● Work to complete: Could you repeat, exactly and with no pictures, only the lines from the start of the records through the line containing "doc.linetypes.add('DASHED', pattern=[0.75, 0.5, -0.25])"?
__________
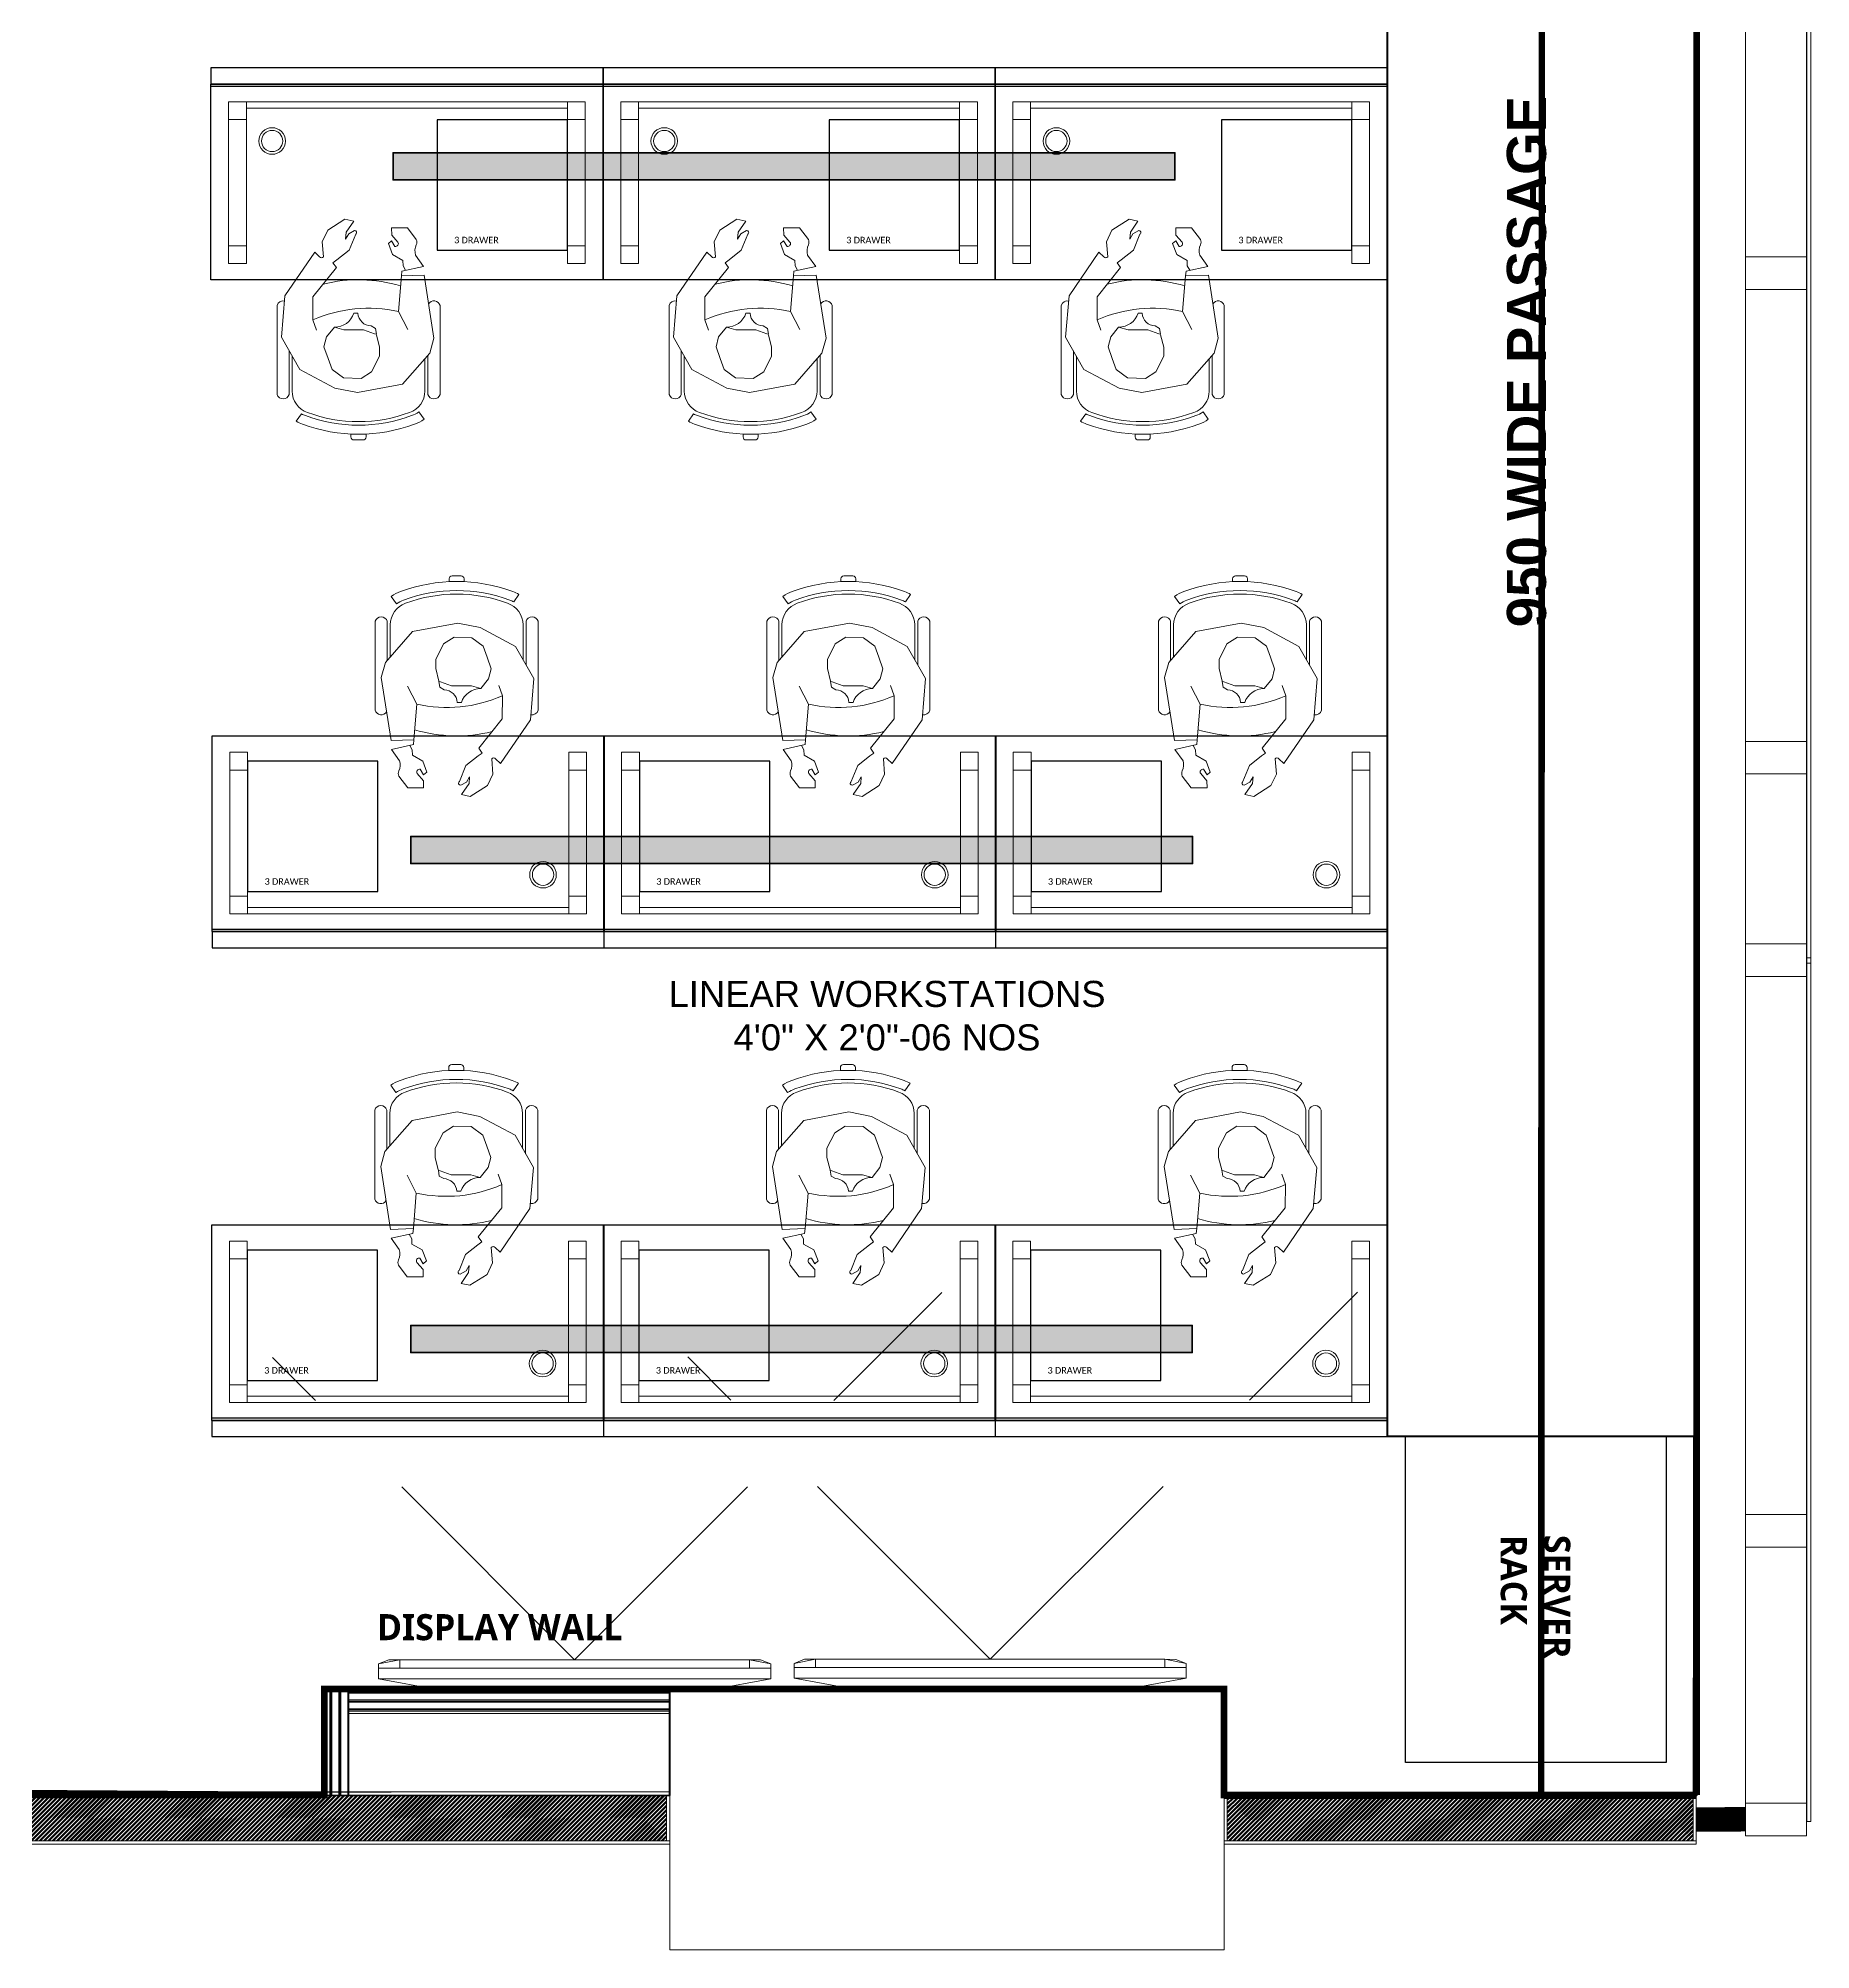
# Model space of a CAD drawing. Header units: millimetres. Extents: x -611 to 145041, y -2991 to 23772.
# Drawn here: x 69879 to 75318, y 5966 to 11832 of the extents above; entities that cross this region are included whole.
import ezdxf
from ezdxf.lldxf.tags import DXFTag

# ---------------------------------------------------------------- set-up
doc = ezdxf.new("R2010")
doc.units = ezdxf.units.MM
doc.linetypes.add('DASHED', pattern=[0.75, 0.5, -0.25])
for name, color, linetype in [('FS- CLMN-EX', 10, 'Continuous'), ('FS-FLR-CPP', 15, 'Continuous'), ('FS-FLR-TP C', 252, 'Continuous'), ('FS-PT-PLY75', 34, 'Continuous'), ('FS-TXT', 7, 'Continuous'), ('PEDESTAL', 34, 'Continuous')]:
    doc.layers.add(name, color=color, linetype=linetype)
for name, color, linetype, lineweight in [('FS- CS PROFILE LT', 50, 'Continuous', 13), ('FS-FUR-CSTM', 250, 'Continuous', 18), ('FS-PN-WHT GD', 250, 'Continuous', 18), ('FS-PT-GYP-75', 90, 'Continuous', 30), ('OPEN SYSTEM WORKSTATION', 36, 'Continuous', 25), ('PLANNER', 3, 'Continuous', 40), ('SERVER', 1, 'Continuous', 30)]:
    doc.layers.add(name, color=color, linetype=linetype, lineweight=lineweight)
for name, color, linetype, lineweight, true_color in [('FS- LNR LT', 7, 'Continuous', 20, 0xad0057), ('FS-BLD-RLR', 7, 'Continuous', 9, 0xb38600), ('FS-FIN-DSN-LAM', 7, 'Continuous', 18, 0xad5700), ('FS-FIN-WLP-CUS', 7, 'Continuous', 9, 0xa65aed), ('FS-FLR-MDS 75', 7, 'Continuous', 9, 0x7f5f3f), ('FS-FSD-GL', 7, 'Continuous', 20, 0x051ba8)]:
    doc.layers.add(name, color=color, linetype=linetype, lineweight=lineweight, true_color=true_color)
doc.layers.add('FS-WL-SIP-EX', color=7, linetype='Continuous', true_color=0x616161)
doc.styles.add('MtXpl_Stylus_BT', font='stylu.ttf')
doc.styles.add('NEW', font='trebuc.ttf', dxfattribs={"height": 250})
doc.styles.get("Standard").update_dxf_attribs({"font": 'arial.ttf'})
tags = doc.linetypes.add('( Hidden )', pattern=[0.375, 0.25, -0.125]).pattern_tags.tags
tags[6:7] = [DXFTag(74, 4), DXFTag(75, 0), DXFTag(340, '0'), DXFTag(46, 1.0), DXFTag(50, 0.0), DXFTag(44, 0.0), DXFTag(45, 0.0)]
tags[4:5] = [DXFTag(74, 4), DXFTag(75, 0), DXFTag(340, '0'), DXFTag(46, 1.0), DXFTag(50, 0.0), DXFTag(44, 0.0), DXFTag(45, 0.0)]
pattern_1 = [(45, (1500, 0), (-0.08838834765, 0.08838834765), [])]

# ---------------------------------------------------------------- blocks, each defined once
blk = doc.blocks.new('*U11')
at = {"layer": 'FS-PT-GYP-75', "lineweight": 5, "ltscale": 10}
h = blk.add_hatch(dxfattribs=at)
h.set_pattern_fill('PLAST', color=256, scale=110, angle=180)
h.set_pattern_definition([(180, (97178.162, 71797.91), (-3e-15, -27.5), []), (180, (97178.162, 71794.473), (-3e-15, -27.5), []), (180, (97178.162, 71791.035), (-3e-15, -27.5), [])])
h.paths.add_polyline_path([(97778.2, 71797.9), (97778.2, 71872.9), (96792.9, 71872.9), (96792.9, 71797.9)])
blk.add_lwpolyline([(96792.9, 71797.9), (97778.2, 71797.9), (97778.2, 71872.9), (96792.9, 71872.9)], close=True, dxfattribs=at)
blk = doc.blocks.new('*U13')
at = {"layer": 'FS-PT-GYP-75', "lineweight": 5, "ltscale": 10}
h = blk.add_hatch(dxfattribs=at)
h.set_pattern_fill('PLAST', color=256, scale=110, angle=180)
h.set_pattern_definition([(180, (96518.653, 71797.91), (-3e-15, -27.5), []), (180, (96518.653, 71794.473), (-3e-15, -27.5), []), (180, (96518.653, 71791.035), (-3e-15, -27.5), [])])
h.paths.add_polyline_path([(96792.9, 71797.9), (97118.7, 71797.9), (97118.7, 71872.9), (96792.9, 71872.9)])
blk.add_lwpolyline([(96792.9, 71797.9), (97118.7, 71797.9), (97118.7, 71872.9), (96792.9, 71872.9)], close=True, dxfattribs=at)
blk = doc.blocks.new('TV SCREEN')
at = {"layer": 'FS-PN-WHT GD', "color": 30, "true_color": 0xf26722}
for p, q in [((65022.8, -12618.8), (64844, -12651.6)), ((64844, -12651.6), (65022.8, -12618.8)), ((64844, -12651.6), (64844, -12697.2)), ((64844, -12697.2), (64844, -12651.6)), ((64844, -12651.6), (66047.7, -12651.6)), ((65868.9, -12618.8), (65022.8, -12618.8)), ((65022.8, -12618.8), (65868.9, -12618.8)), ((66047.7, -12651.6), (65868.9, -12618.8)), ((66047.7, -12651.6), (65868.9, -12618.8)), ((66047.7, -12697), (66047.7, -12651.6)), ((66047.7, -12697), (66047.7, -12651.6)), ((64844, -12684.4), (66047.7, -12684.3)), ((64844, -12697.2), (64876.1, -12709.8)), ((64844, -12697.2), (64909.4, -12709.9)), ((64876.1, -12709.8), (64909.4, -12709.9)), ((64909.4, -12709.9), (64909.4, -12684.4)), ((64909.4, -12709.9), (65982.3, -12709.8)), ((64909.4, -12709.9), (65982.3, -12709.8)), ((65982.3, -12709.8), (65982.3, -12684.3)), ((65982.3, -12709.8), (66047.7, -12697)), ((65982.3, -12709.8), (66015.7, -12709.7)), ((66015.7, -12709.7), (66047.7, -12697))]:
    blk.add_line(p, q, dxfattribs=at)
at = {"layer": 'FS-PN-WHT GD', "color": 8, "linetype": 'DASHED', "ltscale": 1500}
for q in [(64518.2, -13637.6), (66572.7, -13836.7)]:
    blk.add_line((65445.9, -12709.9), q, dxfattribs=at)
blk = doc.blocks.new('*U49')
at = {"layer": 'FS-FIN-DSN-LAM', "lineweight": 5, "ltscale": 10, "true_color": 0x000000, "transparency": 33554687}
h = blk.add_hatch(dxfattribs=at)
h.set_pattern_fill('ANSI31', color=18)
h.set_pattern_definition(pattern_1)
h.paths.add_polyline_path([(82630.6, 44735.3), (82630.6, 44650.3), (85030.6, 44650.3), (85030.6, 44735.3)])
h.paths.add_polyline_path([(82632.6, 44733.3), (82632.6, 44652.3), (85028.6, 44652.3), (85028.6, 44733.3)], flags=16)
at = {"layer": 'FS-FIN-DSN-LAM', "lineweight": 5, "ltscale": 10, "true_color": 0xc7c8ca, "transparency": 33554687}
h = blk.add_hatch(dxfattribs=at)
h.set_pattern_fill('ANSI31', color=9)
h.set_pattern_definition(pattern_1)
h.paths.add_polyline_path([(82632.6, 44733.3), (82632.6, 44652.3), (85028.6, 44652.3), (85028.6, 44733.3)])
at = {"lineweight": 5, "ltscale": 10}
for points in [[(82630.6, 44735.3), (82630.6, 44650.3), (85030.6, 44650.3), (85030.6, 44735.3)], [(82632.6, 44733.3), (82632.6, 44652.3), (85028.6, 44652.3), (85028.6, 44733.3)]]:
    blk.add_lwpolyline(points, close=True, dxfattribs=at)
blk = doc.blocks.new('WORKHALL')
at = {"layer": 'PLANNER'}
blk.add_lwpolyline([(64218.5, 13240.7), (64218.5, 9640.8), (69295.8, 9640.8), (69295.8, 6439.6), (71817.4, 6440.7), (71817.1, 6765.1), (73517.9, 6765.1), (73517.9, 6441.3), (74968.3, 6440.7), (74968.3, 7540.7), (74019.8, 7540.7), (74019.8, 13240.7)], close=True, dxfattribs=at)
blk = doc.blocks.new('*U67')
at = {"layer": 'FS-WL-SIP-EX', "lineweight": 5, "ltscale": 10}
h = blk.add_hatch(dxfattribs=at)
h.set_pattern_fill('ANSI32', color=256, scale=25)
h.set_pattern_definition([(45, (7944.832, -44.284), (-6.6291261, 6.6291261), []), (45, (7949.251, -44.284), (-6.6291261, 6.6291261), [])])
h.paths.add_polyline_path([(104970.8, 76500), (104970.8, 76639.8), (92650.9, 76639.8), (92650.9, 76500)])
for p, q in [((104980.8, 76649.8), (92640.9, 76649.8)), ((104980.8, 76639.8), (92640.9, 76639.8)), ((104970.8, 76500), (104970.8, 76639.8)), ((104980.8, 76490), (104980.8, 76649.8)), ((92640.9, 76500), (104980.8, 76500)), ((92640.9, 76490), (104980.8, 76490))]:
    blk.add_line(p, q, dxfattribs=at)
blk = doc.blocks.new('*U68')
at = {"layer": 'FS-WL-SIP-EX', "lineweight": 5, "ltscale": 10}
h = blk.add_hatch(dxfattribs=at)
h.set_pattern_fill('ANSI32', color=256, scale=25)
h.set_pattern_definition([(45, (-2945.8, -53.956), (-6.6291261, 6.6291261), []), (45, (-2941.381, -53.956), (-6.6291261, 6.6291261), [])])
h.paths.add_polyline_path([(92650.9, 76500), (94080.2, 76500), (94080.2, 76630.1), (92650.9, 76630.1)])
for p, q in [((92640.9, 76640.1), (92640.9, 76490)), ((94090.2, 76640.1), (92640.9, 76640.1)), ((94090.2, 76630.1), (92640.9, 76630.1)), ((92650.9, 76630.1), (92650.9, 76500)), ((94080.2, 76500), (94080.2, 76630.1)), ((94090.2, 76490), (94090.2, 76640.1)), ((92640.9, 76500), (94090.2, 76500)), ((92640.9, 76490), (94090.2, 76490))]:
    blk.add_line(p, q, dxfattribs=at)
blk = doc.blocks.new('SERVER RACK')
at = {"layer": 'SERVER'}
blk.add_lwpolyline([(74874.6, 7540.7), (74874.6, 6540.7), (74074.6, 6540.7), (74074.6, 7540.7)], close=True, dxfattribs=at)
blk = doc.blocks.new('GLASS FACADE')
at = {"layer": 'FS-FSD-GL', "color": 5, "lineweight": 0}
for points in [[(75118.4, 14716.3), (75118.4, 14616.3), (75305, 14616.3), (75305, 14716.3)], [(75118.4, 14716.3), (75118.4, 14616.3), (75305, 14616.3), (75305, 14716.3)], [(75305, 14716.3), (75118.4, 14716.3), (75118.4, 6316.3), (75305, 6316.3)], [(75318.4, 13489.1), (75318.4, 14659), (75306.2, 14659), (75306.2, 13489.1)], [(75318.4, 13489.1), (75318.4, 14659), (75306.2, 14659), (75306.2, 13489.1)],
__________
● The answer:
# Model space of a CAD drawing. Header units: millimetres. Extents: x -611 to 145041, y -2991 to 23772.
# Drawn here: x 69879 to 75318, y 5966 to 11832 of the extents above; entities that cross this region are included whole.
import ezdxf
from ezdxf.lldxf.tags import DXFTag

# ---------------------------------------------------------------- set-up
doc = ezdxf.new("R2010")
doc.units = ezdxf.units.MM
doc.linetypes.add('DASHED', pattern=[0.75, 0.5, -0.25])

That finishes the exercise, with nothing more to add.